Personal information
- Full name: Harold Pickthall
- Born: 31 July 1896 Burnley, Lancashire, England
- Died: 8 August 1965 (aged 69) Fulwood, Lancashire, England
- Batting: Unknown
- Bowling: Unknown

Domestic team information
- 1928–1935: Marylebone Cricket Club
- 1926–1929: Monmouthshire

Career statistics
| Competition | First-class |
| Matches | 12 |
| Runs scored | 109 |
| Batting average | 10.90 |
| 100s/50s | –/– |
| Top score | 29* |
| Balls bowled | 1,855 |
| Wickets | 25 |
| Bowling average | 30.88 |
| 5 wickets in innings | – |
| 10 wickets in match | – |
| Best bowling | 4/30 |
| Catches/stumpings | 3/– |
- Source: Cricinfo, 25 October 2018

= Hal Pickthall =

English cricketer

Harold 'Hal' Pickthall (31 July 1896 - 8 August 1965) was an English first-class cricketer.

Pickthall initially played club cricket in the Lancashire League prior to World War I with Burnley in 1913. He played for Burnley until 1920, after which he began playing for Lowerhouse. He played for Lowerhouse until 1923, and briefly returned to Burnley in 1925 for one match. Pickthall made his debut in minor counties cricket for the Welsh county Monmouthshire in the 1926 Minor Counties Championship against Surrey Second XI at The Oval. He played minor counties cricket for Monmouthshire from 1926-1929, making a total of 24 appearances in the Minor Counties Championship.
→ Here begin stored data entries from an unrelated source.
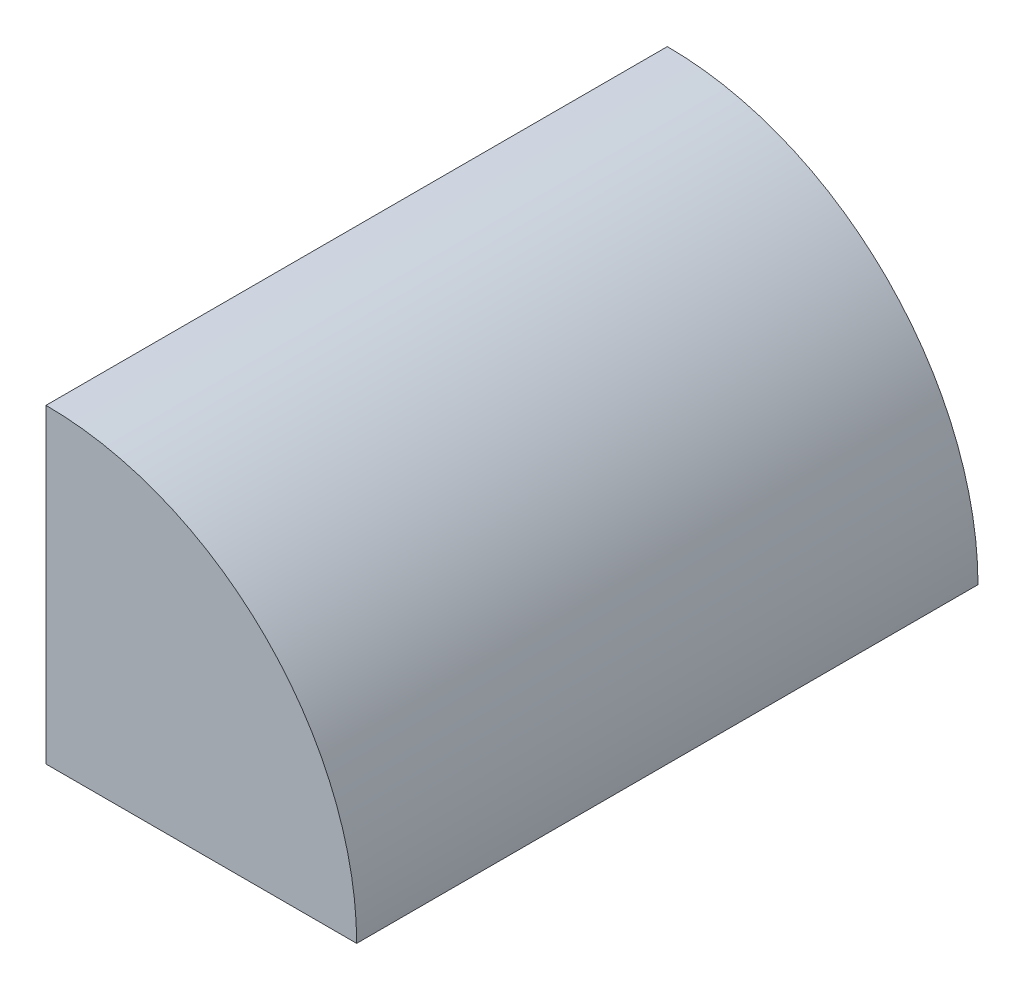
SolidWorks part; units mm, degrees
ref_plane "Alzado" through (0, 0, 0) normal (0, 0, 1) x (1, 0, 0)
ref_plane "Planta" through (0, 0, 0) normal (0, 1, 0) x (1, 0, 0)
ref_plane "Vista lateral" through (0, 0, 0) normal (1, 0, 0) x (0, 0, -1)
sketch "Croquis1" plane through (0, 0, 0) normal (0, 0, 1) x (1, 0, 0)
  line L0 (0, 25) -> (0, 0)
  line L1 (0, 0) -> (25, 0)
  arc A0 (25, 0) -> (0, 25) centre (0, 0) ccw
  dimension "D1" = 50
extrude "Saliente-Extruir1" add sketch "Croquis1" along normal blind 50
sketch "Croquis2" plane through (0, 0, 0) normal (0, 0, -1) x (-1, 0, 0)
  circle A0 centre (-10.8222, 9.6915) radius 5
  dimension "D1" = 10
extrude "Cortar-Extruir1" cut sketch "Croquis2" against normal blind 10

He first appeared in first-class cricket for the Marylebone Cricket Club against Wales in 1928 at Lord's. He became a mainstay of the MCC side over the next few years, playing annually for them (with the exception of 1933) until 1935, making a total of twelve first-class appearances. Pickthall scored a total of 109 runs across these twelve matches, averaging 10.90, with a highest score of 29 not out. As a bowler, Pickthall took 25 wickets at a bowling average of 30.88, with best innings figures of 4 for 30.